World War I Begins (1914)

Though tensions had been brewing in Europe–and especially in the troubled Balkan region–for
years before conflict actually broke out, the spark that ignited World War I was struck in
Sarajevo, Bosnia, where Archduke Franz Ferdinand, nephew of Emperor Franz Josef and heir to
the Austro-Hungarian Empire, was shot to death along with his wife by the Serbian nationalist
Gavrilo Princip on June 28, 1914. The assassination of Franz Ferdinand and Sophie set off a
rapid chain of events: Austria-Hungary, like many in countries around the world, blamed the
Serbian government for the attack and hoped to use the incident as justification for settling the
question of Slavic nationalism once and for all. As Russia supported Serbia, Austria-Hungary
waited to declare war until its leaders received assurances from German leader Kaiser Wilhelm II
that Germany would support their cause in the event of a Russian intervention, which would
likely involve Russia’s ally, France, and possibly Great Britain as well.

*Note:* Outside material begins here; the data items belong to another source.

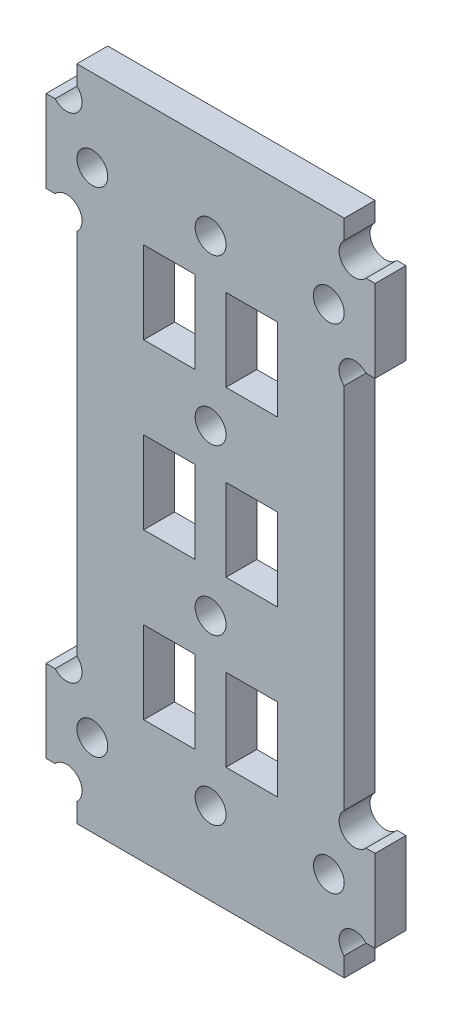
SolidWorks part; units mm, degrees
material "Thornel Mat VMA"
ref_plane "前视基准面" through (0, 0, 0) normal (0, 0, 1) x (1, 0, 0)
ref_plane "上视基准面" through (0, 0, 0) normal (0, 1, 0) x (1, 0, 0)
ref_plane "右视基准面" through (0, 0, 0) normal (1, 0, 0) x (0, 0, -1)
sketch "草图1" plane through (0, 0, 0) normal (0, 0, 1) x (1, 0, 0)
  line L1 (-16, -32) -> (16, -32)
  line L2 (-16, -32) -> (-16, 32)
  line L3 (-16, 32) -> (16, 32)
  line L4 (16, -32) -> (16, 32)
  line L5 (-16, -32) -> (16, 32) construction
  line L6 (-16, 32) -> (16, -32) construction
  point P0 (0, 0)
  dimension "D1" = 32
  dimension "D2" = 64
extrude "凸台-拉伸1" add sketch "草图1" along normal blind 3
sketch "草图2" plane through (0, 0, 3) normal (0, 0, 1) x (1, 0, 0)
  line L1 (-4, -16) -> (4, -16)
  line L2 (-4, -16) -> (-4, 16)
  line L3 (-4, 16) -> (4, 16)
  line L4 (4, -16) -> (4, 16)
  line L5 (-4, -16) -> (4, 16) construction
  line L6 (-4, 16) -> (4, -16) construction
  line L7 (1.5, 12) -> (6.5, 12)
  line L8 (1.5, 12) -> (1.5, 20)
  line L9 (1.5, 20) -> (6.5, 20)
  line L10 (6.5, 12) -> (6.5, 20)
  line L11 (1.5, 12) -> (6.5, 20) construction
  line L12 (1.5, 20) -> (6.5, 12) construction
  point P0 (0, 0)
  dimension "D1" = 5
  dimension "D2" = 8
  dimension "D3" = 8
  dimension "D4" = 32
extrude "切除-拉伸1" cut sketch "草图2" against normal through all contours L7 L10 L9 L8 L3 L4 | L8 L7 L4 L3
mirror "镜向1" about plane through (0, 0, 0) normal (1, 0, 0) of "切除-拉伸1"
mirror "镜向2" about plane through (0, 0, 0) normal (0, 1, 0) of "镜向1", "切除-拉伸1"
sketch "草图4" plane through (0, 0, 3) normal (0, 0, 1) x (1, 0, 0)
  line L0 (16, -32) -> (16, 32) construction
  line L1 (16, -4) -> (13, -4)
  line L2 (16, -4) -> (16, 4)
  line L3 (16, 4) -> (13, 4)
  line L4 (13, -4) -> (13, 4)
  point P6 (13, 0)
  dimension "D1" = 3
  dimension "D2" = 8
extrude "切除-拉伸3" cut sketch "草图4" against normal blind 10
mirror "镜向5" about plane through (0, 0, 0) normal (1, 0, 0) of "切除-拉伸3"
sketch "草图6" plane through (0, 0, 3) normal (0, 0, 1) x (1, 0, 0)
  line L1 (16, 32) -> (13, 32)
  line L2 (16, 32) -> (16, 28)
  line L3 (16, 28) -> (13, 28)
  line L4 (13, 32) -> (13, 28)
  dimension "D1" = 3
  dimension "D2" = 28
extrude "切除-拉伸5" cut sketch "草图6" against normal through all
mirror "镜向8" about plane through (0, 0, 0) normal (0, 1, 0) of "切除-拉伸5"
mirror "镜向9" about plane through (0, 0, 0) normal (1, 0, 0) of "镜向8", "切除-拉伸5"
sketch "草图8" plane through (0, 0, 3) normal (0, 0, 1) x (1, 0, 0)
  line L0 (13, 28) -> (16, 28) construction
  line L2 (13, 32) -> (13, 28) construction
  circle A0 centre (14, 29) radius 1.5
  dimension "D3" = 3
  dimension "D1" = 1
  dimension "D2" = 1
extrude "切除-拉伸6" cut sketch "草图8" against normal through all
mirror "镜向10" about plane through (0, 0, 0) normal (1, 0, 0) of "切除-拉伸6"
mirror "镜向11" about plane through (0, 0, 0) normal (0, 1, 0) of "镜向10", "切除-拉伸6"
sketch "草图10" plane through (0, 0, 3) normal (0, 0, 1) x (1, 0, 0)
  line L0 (-16, 4) -> (-13, 4) construction
  line L1 (-13, 4) -> (-13, -4) construction
  circle A0 centre (-14, 3) radius 1.5
  point P6 (-13, 0)
  dimension "D1" = 1
  dimension "D2" = 1
  dimension "D3" = 3
extrude "切除-拉伸8" cut sketch "草图10" against normal through all
mirror "镜向14" about plane through (0, 0, 0) normal (0, 1, 0) of "切除-拉伸8"
mirror "镜向15" about plane through (0, 0, 0) normal (1, 0, 0) of "镜向14", "切除-拉伸8"
sketch "草图11" plane through (0, 0, 3) normal (0, 0, 1) x (1, 0, 0)
  circle A0 centre (-11.5, 8) radius 1.5
  circle A1 centre (-11.5, 24) radius 1.5
  dimension "D1" = 3
  dimension "D2" = 3
  dimension "D3" = 16
  dimension "D4" = 8
  dimension "D5" = 11.5
extrude "切除-拉伸9" cut sketch "草图11" against normal through all
mirror "镜向16" about plane through (0, 0, 0) normal (1, 0, 0) of "切除-拉伸9"
mirror "镜向17" about plane through (0, 0, 0) normal (0, 1, 0) of "镜向16", "切除-拉伸9"
sketch "草图12" plane through (0, 0, 0) normal (0, 0, -1) x (-1, 0, 0)
  line L0 (-16, 4) -> (-16, 28) construction
  line L1 (-16, 12) -> (-13, 12)
  line L2 (-16, 12) -> (-16, 20)
  line L3 (-16, 20) -> (-13, 20)
  line L4 (-13, 12) -> (-13, 20)
  dimension "D1" = 8
  dimension "D2" = 3
  dimension "D3" = 12
extrude "切除-拉伸10" cut sketch "草图12" against normal through all
mirror "镜向18" about plane through (0, 0, 0) normal (1, 0, 0) of "切除-拉伸10"
mirror "镜向19" about plane through (0, 0, 0) normal (0, 1, 0) of "切除-拉伸10", "镜向18"
sketch "草图13" plane through (0, 0, 0) normal (0, 0, -1) x (-1, 0, 0)
  line L0 (-16, 12) -> (-13, 12) construction
  line L1 (-13, 12) -> (-13, 20) construction
  line L2 (-13, 20) -> (-16, 20) construction
  circle A0 centre (-14, 19) radius 1.5
  circle A1 centre (-14, 13) radius 1.5
  dimension "D1" = 3
  dimension "D2" = 1
  dimension "D3" = 1
  dimension "D4" = 1
  dimension "D5" = 1
  dimension "D6" = 3
extrude "切除-拉伸11" cut sketch "草图13" against normal through all
mirror "镜向20" about plane through (0, 0, 0) normal (1, 0, 0) of "切除-拉伸11"
mirror "镜向21" about plane through (0, 0, 0) normal (0, 1, 0) of "镜向20", "切除-拉伸11"
sketch "草图14" plane through (0, 0, 0) normal (0, 0, -1) x (-1, 0, 0)
  line L1 (1.5, -4) -> (6.5, -4)
  line L2 (1.5, -4) -> (1.5, 4)
  line L3 (1.5, 4) -> (6.5, 4)
  line L4 (6.5, -4) -> (6.5, 4)
  line L5 (1.5, -4) -> (6.5, 4) construction
  line L6 (1.5, 4) -> (6.5, -4) construction
  point P0 (4, 0)
  dimension "D1" = 8
  dimension "D2" = 5
  dimension "D3" = 1.5
extrude "切除-拉伸12" cut sketch "草图14" against normal through all
mirror "镜向22" about plane through (0, 0, 0) normal (1, 0, 0) of "切除-拉伸12"
sketch "草图15" plane through (0, 0, 0) normal (0, 0, -1) x (-1, 0, 0)
  circle A0 centre (0, 8) radius 1.5
  circle A1 centre (0, 24) radius 1.5
  dimension "D1" = 3
  dimension "D2" = 3
  dimension "D3" = 8
  dimension "D4" = 24
extrude "切除-拉伸13" cut sketch "草图15" against normal through all
mirror "镜向23" about plane through (0, 0, 0) normal (0, 1, 0) of "切除-拉伸13"
sketch "草图16" plane through (0, 0, 0) normal (0, 0, -1) x (-1, 0, 0)
  circle A0 centre (-11.5, 8) radius 1.5
  circle A1 centre (11.5, 8) radius 1.5
  circle A2 centre (11.5, -8) radius 1.5
  circle A3 centre (-11.5, -8) radius 1.5
extrude "凸台-拉伸2" add sketch "草图16" against normal up to surface (3 mm away) up to face at (-1.5, -24, 3)
sketch "草图17" plane through (0, 0, 0) normal (0, 0, -1) x (-1, 0, 0)
  circle A0 centre (14, 13) radius 1.5
  circle A1 centre (-14, 13) radius 1.5
  circle A2 centre (-14, 3) radius 1.5
  circle A3 centre (14, 3) radius 1.5
  circle A4 centre (14, -3) radius 1.5
  circle A5 centre (-14, -3) radius 1.5
  circle A6 centre (-14, -13) radius 1.5
  circle A7 centre (14, -13) radius 1.5
extrude "凸台-拉伸3" add sketch "草图17" against normal up to surface (3 mm away) up to face at (-1.5, -24, 3)
sketch "草图18" plane through (0, 0, 0) normal (0, 0, -1) x (-1, 0, 0)
  line L0 (13, 14.118) -> (13, 17.882) construction
  line L1 (13, 15.3085) -> (16.4527, 15.3085)
  line L2 (13, 15.3085) -> (13, -15.1244)
  line L3 (13, -15.1244) -> (16.4527, -15.1244)
  line L4 (16.4527, 15.3085) -> (16.4527, -15.1244)
  line L5 (-13, 14.118) -> (-13, 17.882) construction
  line L6 (-13, 15.3085) -> (-16.8153, 15.3085)
  line L7 (-13, 15.3085) -> (-13, -15.1244)
  line L8 (-13, -15.1244) -> (-16.8153, -15.1244)
  line L9 (-16.8153, 15.3085) -> (-16.8153, -15.1244)
extrude "切除-拉伸14" cut sketch "草图18" against normal through all

On July 5, Kaiser Wilhelm secretly pledged his support, giving Austria-Hungary a so-called
carte blanche or “blank check” assurance of Germany’s backing in the case of war. The Dual
Monarchy then sent an ultimatum to Serbia, with such harsh terms as to make it almost
impossible to accept. Convinced that Vienna was readying for war, the Serbian government
ordered the Serbian army to mobilize, and appealed to Russia for assistance. On July 28, Austria-
Hungary declared war on Serbia, and the tenuous peace between Europe’s great powers
collapsed. Within a week, Russia, Belgium, France, Great Britain and Serbia had lined up against
Austria-Hungary and Germany, and World War I had begun.

TUTORIAL QUESTIONS

1. Write short notes on the following: (a) Schlieffen Plan (b) Plan 17.
2. How the Germans and the French hope to employ the Schlieffen Plan and Plan 17
respectively?
3. Did WWI meet the expectations of the military generals involved? Explain your answer.

LESSON 8 & 9

MAIN TOPIC: THE FIRST WORLD WAR


SUB TOPIC: THE BATTLE FRONTS

LESSON OBJECTIVES:

By the end of the lesson, students should be able to ask, can I:

 Name the various battle fronts?


 State how the war tactics were employed in the battles of WWI?
 State to what extent the tactics mentioned above were effective?
 Make a description of the fighting in the battles that were fought?
 Identify the victors and the vanquished in the battles?
 Identify the effect of victory or defeat on countries and on the morale of soldiers?
World War I’s Western Front (1914-17)

During The First World War of 1914-1918 the Allied Forces of Belgium, France, Great Britain,
the Dominion Forces of the British Empire (Australia, Canada, India, New Zealand,
Newfoundland and South Africa), Portugal and the United States (from April 1918) made a stand
against the Imperial German Army's advance and occupation of Belgium from 4 th August 1914
and north-eastern France from 6th August 1914.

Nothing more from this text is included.